> _What is required_
Please write out exactly the lines from the opening of the listing through the line that holds "A CAD part, left-side", including both, and nothing else; no pictures.

Start of Data provided

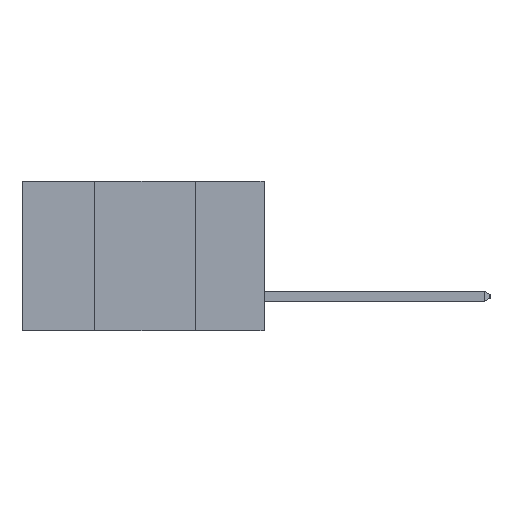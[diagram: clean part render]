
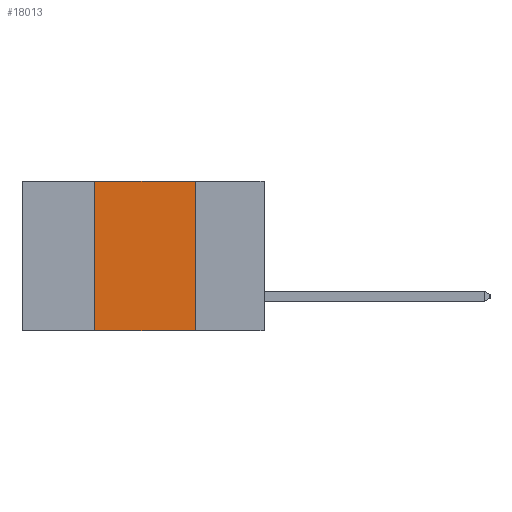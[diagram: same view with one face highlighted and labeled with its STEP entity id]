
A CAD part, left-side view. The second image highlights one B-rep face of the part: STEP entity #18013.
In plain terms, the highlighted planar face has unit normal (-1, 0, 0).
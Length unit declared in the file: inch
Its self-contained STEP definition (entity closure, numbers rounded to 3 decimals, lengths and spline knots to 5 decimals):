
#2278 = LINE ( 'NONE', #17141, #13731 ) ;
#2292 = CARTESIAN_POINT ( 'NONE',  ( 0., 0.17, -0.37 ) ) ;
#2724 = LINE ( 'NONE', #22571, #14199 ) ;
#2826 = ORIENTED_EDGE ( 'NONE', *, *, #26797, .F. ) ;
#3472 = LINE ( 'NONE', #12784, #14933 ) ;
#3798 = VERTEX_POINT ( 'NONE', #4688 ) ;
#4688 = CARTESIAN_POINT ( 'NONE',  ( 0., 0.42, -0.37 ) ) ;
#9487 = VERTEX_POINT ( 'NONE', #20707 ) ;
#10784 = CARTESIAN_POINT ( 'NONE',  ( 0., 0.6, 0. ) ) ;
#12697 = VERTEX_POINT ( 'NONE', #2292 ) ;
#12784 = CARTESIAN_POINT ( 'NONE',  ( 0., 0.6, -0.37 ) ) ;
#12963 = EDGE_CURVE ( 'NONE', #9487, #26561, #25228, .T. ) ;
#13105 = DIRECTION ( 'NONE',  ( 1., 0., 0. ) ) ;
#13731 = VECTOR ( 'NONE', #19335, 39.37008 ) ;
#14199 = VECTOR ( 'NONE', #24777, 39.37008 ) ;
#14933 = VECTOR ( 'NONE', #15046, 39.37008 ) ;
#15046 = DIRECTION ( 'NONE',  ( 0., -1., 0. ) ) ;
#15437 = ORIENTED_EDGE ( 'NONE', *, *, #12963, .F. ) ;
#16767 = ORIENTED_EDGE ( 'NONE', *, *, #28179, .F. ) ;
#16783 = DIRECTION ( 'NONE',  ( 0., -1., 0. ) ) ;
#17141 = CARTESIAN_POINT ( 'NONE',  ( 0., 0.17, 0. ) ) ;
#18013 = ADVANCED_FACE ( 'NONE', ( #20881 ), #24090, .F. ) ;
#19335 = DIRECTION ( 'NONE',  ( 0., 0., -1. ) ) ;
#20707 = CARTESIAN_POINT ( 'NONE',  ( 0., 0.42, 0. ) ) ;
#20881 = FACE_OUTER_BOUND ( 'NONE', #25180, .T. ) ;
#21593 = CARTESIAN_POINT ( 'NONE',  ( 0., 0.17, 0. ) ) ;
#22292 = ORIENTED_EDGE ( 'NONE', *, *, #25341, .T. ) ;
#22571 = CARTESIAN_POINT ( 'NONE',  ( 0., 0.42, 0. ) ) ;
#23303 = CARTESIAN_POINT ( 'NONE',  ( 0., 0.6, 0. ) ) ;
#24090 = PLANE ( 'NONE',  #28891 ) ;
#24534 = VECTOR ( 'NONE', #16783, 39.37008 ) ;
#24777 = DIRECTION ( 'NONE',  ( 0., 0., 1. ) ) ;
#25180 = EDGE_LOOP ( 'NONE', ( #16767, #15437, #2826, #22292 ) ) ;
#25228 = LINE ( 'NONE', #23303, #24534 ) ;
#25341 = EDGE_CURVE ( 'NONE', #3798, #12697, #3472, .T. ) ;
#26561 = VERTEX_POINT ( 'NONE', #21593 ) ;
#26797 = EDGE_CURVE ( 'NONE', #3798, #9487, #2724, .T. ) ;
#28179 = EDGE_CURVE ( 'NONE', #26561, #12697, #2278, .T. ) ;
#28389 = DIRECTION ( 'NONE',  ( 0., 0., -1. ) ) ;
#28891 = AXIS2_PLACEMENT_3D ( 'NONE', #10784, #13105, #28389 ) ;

End of Data provided

> _Exercise solution_
[diagram: clean part render]
[diagram: same view with one face highlighted and labeled with its STEP entity id]
A CAD part, left-side view. The second image highlights one B-rep face of the part: STEP entity #18013.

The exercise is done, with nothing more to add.